Although the announcement DID create awareness, it has failed to effectively transmit factual information about breast cancer. 

Researchers conducted a survey of over 2,500 women and men, and discovered that an astonishing 3:4 people knew of Jolie’s brave story. However, sadly, less than 10% of the surveyed demographic could correctly answer questions about the BRCA gene mutation that Jolie was inflicted with and has adamantly spoken about. 

In fact, the general public seems far more enthralled with implications that this could cause within Jolie’s career, as opposed to the medical implications that this could have on Jolie herself, as well as the medical field as a whole. 
This kind of ‘selective attention’ in regards to the public’s retention of PSA’s is not new; this has been a considerable contributing factor to the public’s general ignorance of important local, global, political, medical, and religious agendas.
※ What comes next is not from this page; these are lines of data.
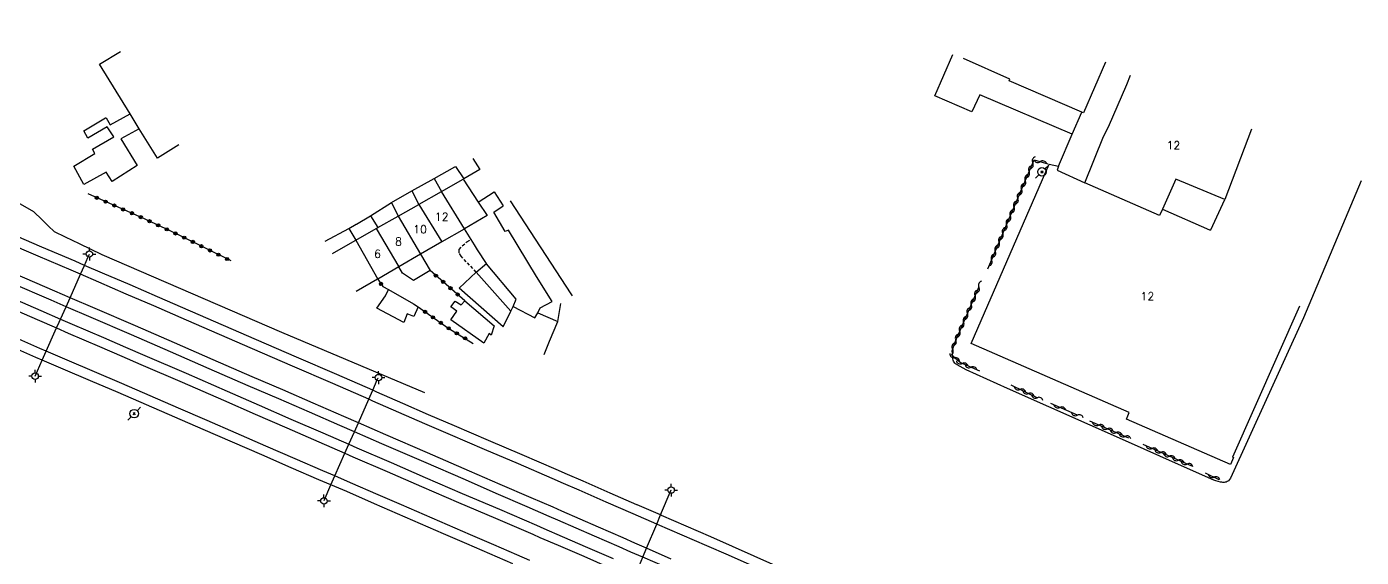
# Model space of a CAD drawing. Header units: millimetres. Extents: x 80000 to 81000, y 145000 to 146000.
# Drawn here: x 80595.6 to 80804.1, y 145373.7 to 145456.7 of the extents above; entities that cross this region are included whole.
import ezdxf
from ezdxf.enums import TextEntityAlignment as Align

# ---------------------------------------------------------------- set-up
doc = ezdxf.new("R2010")
doc.units = ezdxf.units.MM
doc.linetypes.add('DASHED', pattern=[0.75, 0.5, -0.25])
doc.layers.get('0').update_dxf_attribs({"linetype": 'CONTINUOUS'})
for name, color, linetype in [('W0017', 7, 'CONTINUOUS'), ('W0101', 7, 'CONTINUOUS'), ('W0104', 1, 'CONTINUOUS'), ('W0112', 1, 'DASHED'), ('W0211', 2, 'CONTINUOUS'), ('W0310', 3, 'CONTINUOUS'), ('W0323', 7, 'CONTINUOUS'), ('W0473', 7, 'CONTINUOUS'), ('W0610', 7, 'CONTINUOUS'), ('W0611', 7, 'CONTINUOUS'), ('W0700', 7, 'CONTINUOUS'), ('W0991', 7, 'CONTINUOUS'), ('W1102', 7, 'CONTINUOUS')]:
    doc.layers.add(name, color=color, linetype=linetype)
doc.styles.get("Standard").update_dxf_attribs({"font": 'romans.shx', "width": 0.85})

# ---------------------------------------------------------------- blocks, each defined once
blk = doc.blocks.new('croix')
for p, q in [((-3, 0), (3, 0)), ((0, -3), (0, 3))]:
    blk.add_line(p, q)
blk = doc.blocks.new('T818')
at = {"color": 16, "linetype": 'Continuous', "xscale": 0.0001666666666666667, "yscale": 0.0001666666666666667}
blk.add_blockref('croix', (0, 0), dxfattribs=at)
blk = doc.blocks.new('T610')
for p, q in [((-0.500001, 0), (-1.000002, 0)), ((0, 0.500001), (0, 1.000002)), ((0.500001, 0), (1.000002, 0)), ((0, -0.500001), (0, -1.000002))]:
    blk.add_line(p, q)
blk.add_ellipse((0, 0), major_axis=(-0.353554, 0.353554), ratio=1, start_param=3.926990817, end_param=10.2101761242)
blk = doc.blocks.new('T473')
for p, q in [((-0.166667, 0.166667), (0.166667, -0.166667)), ((-0.166667, -0.166667), (0.166667, 0.166667)), ((0.500001, 0.500001), (1.000002, 1.000002)), ((-1.000002, -1.000002), (-0.500001, -0.500001))]:
    blk.add_line(p, q)
blk.add_ellipse((0, 0), major_axis=(0.471405, 0.471405), ratio=1, start_param=5.4977871438, end_param=11.780972451)
blk = doc.blocks.new('t323o')
at = {"color": 0, "linetype": 'Continuous'}
for radius in [0.25, 0.15]:
    blk.add_circle((0, 0), radius, dxfattribs=at)
blk = doc.blocks.new('t310o')
at = {"color": 0, "linetype": 'Continuous'}
for centre, start, end in [((-0.5, 0.38), 216.8699, 323.1304), ((0.5, -0.37), 36.8699, 143.1303)]:
    blk.add_arc(centre, 0.625, start, end, dxfattribs=at)

msp = doc.modelspace()

# ---------------------------------------------------------------- linework, layer by layer
at = {"layer": 'W0017'}
msp.add_lwpolyline([(80804.08, 145432.55), (80795.04, 145411.16), (80783.63, 145386.1), (80783.47, 145385.9), (80783.32, 145385.7), (80783.14, 145385.55), (80782.99, 145385.49), (80782.82, 145385.46), (80782.65, 145385.44), (80782.46, 145385.43), (80782.27, 145385.45), (80782.08, 145385.48), (80781.73, 145385.56), (80781.38, 145385.68), (80781.02, 145385.8), (80774.59, 145388.65), (80768.16, 145391.51), (80761.74, 145394.37), (80755.28, 145397.25), (80748.83, 145400.13), (80742.37, 145403.02), (80741.88, 145403.28), (80741.39, 145403.54), (80740.92, 145403.83), (80740.8, 145403.91), (80740.68, 145403.99), (80740.58, 145404.08), (80740.47, 145404.22), (80740.38, 145404.37), (80740.32, 145404.53), (80740.28, 145404.73), (80740.28, 145404.95), (80740.28, 145405.16)], dxfattribs=at)
at = {"layer": 'W0101'}
for points in [[(80611.71, 145443.05), (80606.93, 145450.8), (80610.21, 145452.77)], [(80764.12, 145451.11), (80760.66, 145443.2), (80760.42, 145443.31), (80749.05, 145448.22), (80749.15, 145448.45), (80741.93, 145451.69), (80741.93, 145451.69), (80741.93, 145451.69)], [(80760.87, 145432.24), (80763.83, 145439.48), (80764.61, 145441.03), (80767.45, 145447.61), (80768.01, 145449.06)], [(80619.32, 145438.18), (80615.99, 145436.1), (80613.14, 145440.72), (80611.71, 145443.05)], [(80783.96, 145389.38), (80784.11, 145389.35), (80783.66, 145388.24), (80767.4, 145395.32), (80767.84, 145396.36), (80743.15, 145407.13), (80755.33, 145435.19), (80756.77, 145434.86), (80756.55, 145434.21), (80760.87, 145432.24)], [(80782.74, 145429.65), (80775.13, 145432.83), (80773.01, 145428.15)], [(80773.01, 145428.15), (80780.38, 145424.92), (80780.57, 145424.89), (80782.74, 145429.65)], [(80643.32, 145421.2), (80646.91, 145423.24), (80646.98, 145423.28)], [(80646.98, 145423.28), (80650.18, 145425.1)], [(80653.73, 145419.13), (80650.43, 145417.21)], [(80650.43, 145417.21), (80650.38, 145417.18), (80647.05, 145415.25)], [(80794.45, 145412.98), (80794.45, 145412.98), (80794.45, 145412.98), (80794.45, 145412.98), (80794.45, 145412.98), (80783.96, 145389.38)]]:
    msp.add_lwpolyline(points, dxfattribs=at)
at = {"layer": 'W0104'}
for points in [[(80758.92, 145439.84), (80744.46, 145446.02), (80743.24, 145443.34), (80737.44, 145445.84), (80740.26, 145452.32)], [(80613.14, 145440.72), (80610.29, 145439.11), (80612.83, 145434.94), (80608.92, 145432.45), (80608.01, 145433.93), (80604.49, 145432.02), (80602.91, 145434.88), (80606.22, 145436.82), (80605.84, 145437.53), (80609.2, 145439.45), (80608.16, 145441.02), (80605.11, 145439.23), (80604.5, 145440.4), (80607.9, 145442.4), (80607.96, 145442.43), (80608.59, 145441.3), (80611.71, 145443.05)], [(80756.77, 145434.86), (80758.92, 145439.84), (80760.42, 145443.31)], [(80659.23, 145432.95), (80662.46, 145434.78), (80662.54, 145434.82), (80663.86, 145432.9)], [(80655.72, 145431.02), (80659.23, 145432.95), (80660.37, 145430.91)], [(80660.37, 145430.91), (80663.74, 145432.83)], [(80652.57, 145429.16), (80655.72, 145431.02)], [(80655.72, 145431.02), (80656.82, 145428.89)], [(80649.26, 145427.08), (80652.57, 145429.16)], [(80652.57, 145429.16), (80653.6, 145427.05)], [(80666.13, 145429.25), (80667.49, 145427.17), (80663.95, 145425.05)], [(80675.45, 145411.93), (80675.8, 145412.72), (80677.64, 145413.71), (80675.23, 145417.62), (80670.86, 145424.87), (80670.33, 145424.66), (80668.55, 145427.68), (80670, 145428.67)], [(80645.88, 145425.1), (80647.03, 145425.77), (80647.07, 145425.8), (80649.26, 145427.08)], [(80649.26, 145427.08), (80650.43, 145425.25)], [(80642.18, 145423.13), (80645.88, 145425.1)], [(80645.88, 145425.1), (80646.98, 145423.28)], [(80667.4, 145419.65), (80666.02, 145421.8), (80665.55, 145422.58), (80665.01, 145423.42), (80663.95, 145425.05)], [(80657.11, 145421.09), (80658.61, 145418.53), (80655.99, 145416.98), (80654.3, 145418.14), (80653.73, 145419.13)], [(80665.8, 145418.31), (80667.4, 145419.65)], [(80671.59, 145412.92), (80672.06, 145414.09), (80667.43, 145419.6), (80667.4, 145419.65)], [(80670.03, 145409.77), (80663.15, 145415.8), (80665.8, 145418.31)], [(80671.23, 145412.18), (80665.8, 145418.31)], [(80671.23, 145412.18), (80671.59, 145412.92)], [(80671.59, 145412.92), (80674.98, 145411.17), (80675.45, 145411.93)], [(80670.03, 145409.77), (80671.23, 145412.18)], [(80675.45, 145411.93), (80678.55, 145410.58)], [(80783.96, 145389.38), (80783.96, 145389.38)]]:
    msp.add_lwpolyline(points, dxfattribs=at)
for points in [[(80654.48, 145410.42), (80650.29, 145412.68), (80651.65, 145414.61), (80652.09, 145415.59), (80655.98, 145413.33), (80656.71, 145412.86), (80656.05, 145411.37), (80655.02, 145411.78)], [(80666.98, 145407.19), (80661.83, 145410.83), (80662.76, 145412.22), (80661.84, 145412.88), (80662.53, 145413.77), (80663.44, 145413.2), (80664.03, 145413.82), (80668.62, 145409.91), (80668.13, 145408.45), (80667.84, 145408.7)]]:
    msp.add_lwpolyline(points, close=True, dxfattribs=at)
at = {"layer": 'W0112'}
msp.add_lwpolyline([(80665.8, 145418.31), (80663.44, 145420.77), (80663.16, 145421.32), (80663.16, 145421.83), (80663.62, 145422.42), (80664.35, 145423.05), (80665.01, 145423.42)], dxfattribs=at)
at = {"layer": 'W0211'}
msp.add_lwpolyline([(80533.45, 145456.66), (80535.42, 145455.7), (80538.18, 145454.29), (80542.29, 145452.19), (80547.41, 145449.33), (80563.54, 145441.4), (80578.42, 145434.84), (80588.48, 145431.33), (80593.83, 145429.39), (80596.65, 145427.75), (80597.98, 145426.46), (80598.95, 145425.46), (80599.85, 145424.66), (80601.6, 145423.83), (80603.74, 145422.78), (80607.33, 145421.04), (80635.37, 145408.93), (80657.73, 145399.5)], dxfattribs=at)
at = {"layer": 'W0310'}
for points in [[(80745.73, 145418.81), (80752.95, 145435.83), (80755.1, 145435.23)], [(80744.48, 145402.82), (80741.41, 145404.17), (80740.28, 145405.16), (80740.15, 145406.02), (80740.66, 145407.52), (80744.38, 145416.04)], [(80753.54, 145398.62), (80749.39, 145400.63)], [(80759.76, 145395.92), (80755.6, 145397.75)], [(80767.78, 145392.36), (80761.65, 145394.99)], [(80777.61, 145387.95), (80770, 145391.36)], [(80781.9, 145385.86), (80779.74, 145386.9)]]:
    msp.add_lwpolyline(points, dxfattribs=at)
at = {"layer": 'W0323'}
for points in [[(80627.5, 145420.05), (80618.98, 145424.28), (80613.32, 145426.92), (80613.26, 145426.95), (80605.16, 145430.53)], [(80650.43, 145417.21), (80651.19, 145416.03), (80652.09, 145415.59)], [(80664.03, 145413.82), (80658.61, 145418.53)], [(80656.71, 145412.86), (80661.36, 145409.61), (80665.33, 145407.16)]]:
    msp.add_lwpolyline(points, dxfattribs=at)
at = {"layer": 'W0611'}
for points in [[(80596.89, 145402.02), (80598.01, 145404.53), (80598.63, 145405.93), (80600.03, 145409.1), (80600.25, 145409.58), (80600.66, 145410.5), (80600.87, 145410.97), (80601.73, 145412.9), (80602.35, 145414.3), (80603.97, 145417.96), (80604.6, 145419.36), (80605.14, 145420.59), (80605.37, 145421.1)], [(80642.04, 145382.6), (80643.11, 145385.04), (80643.73, 145386.44), (80645.29, 145389.99), (80645.91, 145391.39), (80646.77, 145393.35), (80647.39, 145394.74), (80649.01, 145398.43), (80649.63, 145399.83), (80650.35, 145401.47), (80650.49, 145401.8)], [(80686.95, 145362.16), (80687.03, 145362.36), (80687.23, 145362.82), (80688.01, 145364.68), (80688.6, 145366.09), (80690.44, 145370.45), (80691.03, 145371.86), (80691.82, 145373.73), (80692.42, 145375.14), (80694.01, 145378.93), (80694.6, 145380.34), (80696.26, 145384.28)]]:
    msp.add_lwpolyline(points, dxfattribs=at)
at = {"layer": 'W0700'}
for points in [[(80712.59, 145372.41), (80709.21, 145373.93), (80705.82, 145375.44), (80702.43, 145376.93), (80698.59, 145378.61), (80694.75, 145380.27), (80694.6, 145380.34), (80690.93, 145381.93), (80690.91, 145381.93), (80686.71, 145383.77), (80682.5, 145385.62), (80680.07, 145386.68), (80678.29, 145387.46), (80672.99, 145389.73), (80667.7, 145391.99), (80662.41, 145394.26), (80658.36, 145396.02), (80654.32, 145397.78), (80650.27, 145399.55), (80649.63, 145399.83), (80644, 145402.28), (80637.72, 145405.01), (80631.45, 145407.73), (80626.3, 145409.97), (80621.16, 145412.2), (80616.01, 145414.43), (80611.72, 145416.29), (80607.43, 145418.14), (80604.6, 145419.36), (80603.13, 145419.99), (80597.95, 145422.21), (80592.77, 145424.43)], [(80708.58, 145372.54), (80705.2, 145374.04), (80701.82, 145375.53), (80697.98, 145377.21), (80694.14, 145378.87), (80694.01, 145378.93), (80690.34, 145380.52), (80690.3, 145380.53), (80686.1, 145382.37), (80681.89, 145384.22), (80679.45, 145385.28), (80677.68, 145386.05), (80672.39, 145388.33), (80667.09, 145390.58), (80661.8, 145392.86), (80657.75, 145394.61), (80653.71, 145396.38), (80649.66, 145398.15), (80649.01, 145398.43), (80643.39, 145400.88), (80637.11, 145403.61), (80630.84, 145406.33), (80625.7, 145408.56), (80620.55, 145410.8), (80615.41, 145413.02), (80611.11, 145414.88), (80606.82, 145416.73), (80603.97, 145417.96), (80602.52, 145418.58), (80597.35, 145420.81), (80592.17, 145423.03)], [(80696.27, 145373.46), (80692.42, 145375.14), (80690.57, 145375.95), (80688.74, 145376.75), (80684.88, 145378.45), (80679.18, 145380.94), (80677.81, 145381.54), (80674.37, 145383.04), (80669.55, 145385.12), (80664.74, 145387.21), (80658.2, 145390.05), (80651.66, 145392.89), (80647.39, 145394.74), (80645.12, 145395.73), (80640.35, 145397.8), (80635.57, 145399.88), (80630.79, 145401.95), (80624.71, 145404.6), (80618.64, 145407.24), (80612.55, 145409.88), (80606.27, 145412.61), (80602.35, 145414.3), (80599.98, 145415.33), (80593.7, 145418.04)], [(80695.66, 145372.06), (80691.82, 145373.73), (80689.96, 145374.55), (80688.15, 145375.34), (80684.26, 145377.05), (80678.57, 145379.54), (80677.2, 145380.13), (80673.76, 145381.63), (80668.94, 145383.72), (80664.13, 145385.81), (80657.59, 145388.65), (80651.05, 145391.48), (80646.77, 145393.35), (80644.51, 145394.32), (80639.74, 145396.4), (80634.96, 145398.47), (80630.18, 145400.55), (80624.1, 145403.19), (80618.03, 145405.84), (80611.95, 145408.48), (80605.66, 145411.2), (80601.73, 145412.9), (80599.38, 145413.92), (80593.09, 145416.64)], [(80592.29, 145413.04), (80597.18, 145410.91), (80600.25, 145409.58), (80602.07, 145408.78), (80606.96, 145406.66), (80610.42, 145405.16), (80613.4, 145403.87), (80619.85, 145401.08), (80626.29, 145398.29), (80631.26, 145396.11), (80636.23, 145393.94), (80641.21, 145391.77), (80645.29, 145389.99), (80646.54, 145389.44), (80651.88, 145387.12), (80657.23, 145384.81), (80663.03, 145382.31), (80668.83, 145379.82), (80674.63, 145377.32), (80675.75, 145376.84), (80678.62, 145375.6), (80682.6, 145373.88), (80686.58, 145372.14)], [(80592.9, 145414.44), (80597.79, 145412.31), (80600.87, 145410.97), (80602.68, 145410.19), (80607.57, 145408.06), (80611.02, 145406.57), (80614.01, 145405.27), (80620.46, 145402.49), (80626.9, 145399.69), (80631.88, 145397.52), (80636.85, 145395.34), (80641.82, 145393.17), (80645.91, 145391.39), (80647.15, 145390.85), (80652.49, 145388.53), (80657.83, 145386.22), (80663.63, 145383.72), (80669.43, 145381.23), (80675.24, 145378.73), (80676.37, 145378.24), (80679.22, 145377), (80683.21, 145375.28), (80687.2, 145373.54)], [(80671.52, 145372.71), (80667.92, 145374.29), (80664.31, 145375.85), (80660.7, 145377.41), (80657.1, 145378.98), (80653.5, 145380.54), (80649.9, 145382.11), (80645.56, 145383.99), (80643.11, 145385.04), (80641.22, 145385.86), (80636.88, 145387.73), (80632.3, 145389.72), (80627.71, 145391.71), (80623.13, 145393.7), (80618.7, 145395.63), (80614.27, 145397.55), (80609.85, 145399.47), (80605.56, 145401.3), (80601.27, 145403.13), (80598.01, 145404.53), (80596.99, 145404.97), (80593.24, 145406.61)], [(80674.16, 145373.21), (80672.14, 145374.11), (80668.53, 145375.69), (80664.91, 145377.25), (80661.3, 145378.81), (80657.71, 145380.38), (80654.11, 145381.95), (80650.5, 145383.51), (80646.17, 145385.39), (80643.73, 145386.44), (80641.83, 145387.26), (80637.49, 145389.14), (80632.91, 145391.12), (80628.32, 145393.11), (80623.74, 145395.11), (80619.31, 145397.03), (80614.88, 145398.96), (80610.45, 145400.88), (80606.16, 145402.71), (80601.87, 145404.54), (80598.63, 145405.93), (80597.6, 145406.37), (80593.86, 145408.01)]]:
    msp.add_lwpolyline(points, dxfattribs=at)
at = {"layer": 'W1102'}
for points in [[(80786.91, 145440.66), (80782.74, 145429.65)], [(80665.28, 145436.05), (80666.38, 145434.33), (80663.86, 145432.9), (80663.74, 145432.83)], [(80663.74, 145432.83), (80666.13, 145429.25)], [(80773.01, 145428.15), (80772.57, 145427.17), (80760.87, 145432.24)], [(80656.82, 145428.89), (80656.87, 145428.92), (80660.37, 145430.91)], [(80663.95, 145425.05), (80660.37, 145430.91)], [(80666.13, 145429.25), (80668.61, 145430.85), (80670, 145428.67)], [(80680.83, 145414.58), (80680.62, 145414.91), (80671.17, 145429.44)], [(80653.6, 145427.05), (80656.82, 145428.89)], [(80656.82, 145428.89), (80660.43, 145423.01)], [(80650.18, 145425.1), (80650.43, 145425.25), (80653.6, 145427.05)], [(80653.6, 145427.05), (80657.11, 145421.09)], [(80646.98, 145423.28), (80650.43, 145417.21)], [(80650.18, 145425.1), (80653.73, 145419.13)], [(80663.95, 145425.05), (80663.9, 145425.02), (80660.43, 145423.01)], [(80657.11, 145421.09), (80653.73, 145419.13)], [(80660.43, 145423.01), (80657.11, 145421.09)], [(80678.55, 145410.58), (80679.03, 145413.39)], [(80676.4, 145405.43), (80677.27, 145407.5), (80678.55, 145410.58)]]:
    msp.add_lwpolyline(points, dxfattribs=at)

# ---------------------------------------------------------------- block references
at = {"layer": 'W0310'}
for p, rotation in [((80752.76, 145435.38), 67.0048853180097), ((80753.93, 145435.55), 344.481386978102), ((80751.59, 145432.62), 67.0048853180097), ((80752.18, 145434), 67.0048853180097), ((80751, 145431.24), 67.0048853180097), ((80749.83, 145428.47), 67.0048853180097), ((80750.42, 145429.85), 67.0048853180097), ((80749.25, 145427.09), 67.0048853180097), ((80748.07, 145424.33), 67.0048853180097), ((80748.66, 145425.71), 67.0048853180097), ((80747.49, 145422.95), 67.0048853180097), ((80746.32, 145420.19), 67.0048853180097), ((80746.9, 145421.57), 67.0048853180097), ((80744.34, 145415.95), 66.45469680819235), ((80743.74, 145414.57), 66.45469680819235), ((80742.54, 145411.82), 66.45469680819235), ((80743.14, 145413.2), 66.45469680819235), ((80741.94, 145410.45), 66.45469680819235), ((80740.74, 145407.7), 66.45469680819235), ((80741.34, 145409.07), 66.45469680819235), ((80740.24, 145406.28), 71.23491821157), ((80740.55, 145404.93), 138.8318862549427), ((80741.73, 145404.03), 156.2931465526891), ((80743.1, 145403.43), 156.2931465526891), ((80750.74, 145399.98), 154.2630897472429), ((80752.09, 145399.32), 154.2630897472429), ((80753.44, 145398.67), 154.2630897472429), ((80756.98, 145397.15), 156.2846783033371), ((80759.72, 145395.94), 156.2846783033371), ((80763.03, 145394.4), 156.7280301066908), ((80764.41, 145393.81), 156.7280301066908), ((80765.79, 145393.22), 156.7280301066908), ((80767.17, 145392.62), 156.7280301066908), ((80771.37, 145390.74), 155.9063485434351), ((80772.74, 145390.13), 155.9063485434351), ((80774.11, 145389.52), 155.9063485434351), ((80775.48, 145388.91), 155.9063485434351), ((80776.85, 145388.3), 155.9063485434351), ((80781.09, 145386.25), 154.30283795443)]:
    msp.add_blockref('t310o', p, dxfattribs=dict(at, rotation=rotation))
at = {"layer": 'W0323'}
for p, rotation in [((80606.53, 145429.92), 156.1418712205354), ((80607.9, 145429.32), 156.1418712205354), ((80609.27, 145428.71), 156.1418712205354), ((80610.64, 145428.1), 156.1418712205354), ((80612.02, 145427.5), 156.1418712205354), ((80613.39, 145426.89), 154.9720338040571), ((80614.75, 145426.25), 154.9720338040571), ((80616.1, 145425.62), 154.9720338040571), ((80617.46, 145424.98), 154.9720338040571), ((80618.82, 145424.35), 154.9720338040571), ((80620.17, 145423.69), 153.6020464408917), ((80621.51, 145423.02), 153.6020464408917), ((80622.86, 145422.35), 153.6020464408917), ((80624.2, 145421.69), 153.6020464408917), ((80625.54, 145421.02), 153.6020464408917), ((80626.89, 145420.35), 153.6020464408917), ((80650.92, 145416.46), 303.0802005345427), ((80659.5, 145417.75), 139.0060851065087), ((80660.64, 145416.77), 139.0060851065087), ((80661.77, 145415.78), 139.0060851065087), ((80662.9, 145414.8), 139.0060851065087), ((80657.81, 145412.09), 325.0873081731747), ((80659.04, 145411.23), 325.0873081731747), ((80660.27, 145410.37), 325.0873081731747), ((80661.5, 145409.52), 328.357894484606), ((80662.78, 145408.73), 328.357894484606), ((80664.06, 145407.95), 328.357894484606)]:
    msp.add_blockref('t323o', p, dxfattribs=dict(at, rotation=rotation))
at = {"layer": 'W0473'}
for p in [(80754.19, 145433.98), (80612.37, 145396.18)]:
    msp.add_blockref('T473', p, dxfattribs=at)
at = {"layer": 'W0610'}
for p in [(80605.36, 145421.13), (80596.88, 145402.04), (80650.53, 145401.81), (80642.01, 145382.54), (80696.25, 145384.23)]:
    msp.add_blockref('T610', p, dxfattribs=at)
at = {"layer": 'W0611'}
for p, rotation in [((80605.37, 145421.1), 336.0584025721847), ((80604.6, 145419.36), 336.0202525505755), ((80605.14, 145420.59), 336.0584025721847), ((80603.97, 145417.96), 336.0146996067803), ((80601.73, 145412.9), 336.0489205620694), ((80602.35, 145414.3), 336.034604485569), ((80600.87, 145410.97), 336.0320021834953), ((80600.03, 145409.1), 336.0264133812069), ((80600.25, 145409.58), 336.0490315526434), ((80600.66, 145410.5), 335.9480386680283), ((80598.01, 145404.53), 336.0489205620694), ((80598.63, 145405.93), 336.0324717590007), ((80596.89, 145402.02), 336.0269307680366), ((80650.35, 145401.47), 336.2796050786447), ((80650.49, 145401.8), 336.2796050786447), ((80649.01, 145398.43), 336.2162277533361), ((80649.63, 145399.83), 336.203547507142), ((80647.39, 145394.74), 336.2281156975865), ((80646.77, 145393.35), 336.2011142522502), ((80645.29, 145389.99), 336.2162277533361), ((80645.91, 145391.39), 336.22794323531), ((80643.73, 145386.44), 336.22072201781), ((80643.11, 145385.04), 336.2162277533361), ((80696.26, 145384.28), 337.1585462644405), ((80642.04, 145382.6), 336.2292887825765), ((80694.6, 145380.34), 337.1585462644405), ((80694.01, 145378.93), 337.1554470661046), ((80692.42, 145375.14), 337.1643143591946), ((80691.82, 145373.73), 337.1554470661046)]:
    msp.add_blockref('T818', p, dxfattribs=dict(at, rotation=rotation))

# ---------------------------------------------------------------- texts
at = {"layer": 'W0991'}
for s, p in [('12', (80774.73, 145438.12)), ('12', (80660.4, 145426.96)), ('10', (80657.02, 145424.99)), ('8', (80653.65, 145423.09)), ('6', (80650.36, 145421.16)), ('12', (80770.65, 145414.53))]:
    msp.add_text(s, height=1.25, dxfattribs=at).set_placement(p, align=Align.MIDDLE_CENTER)

doc.saveas('drawing.dxf')

The public is generally so much more concerned with pop culture, gossip, and menial problems in OTHER people’s lives, that we have lost our interest in real world issues that could actually affect us, such as the implications of the BRCA gene mutation within breast cancer victims.

Moral of the story: don’t be brainwashed by the distracting tittle-tattle of reality television and social media. The real world is OUTSIDE of these suffocating modern phenomenons; the trick is to escape the initial hold that these drowning anomalies have on us.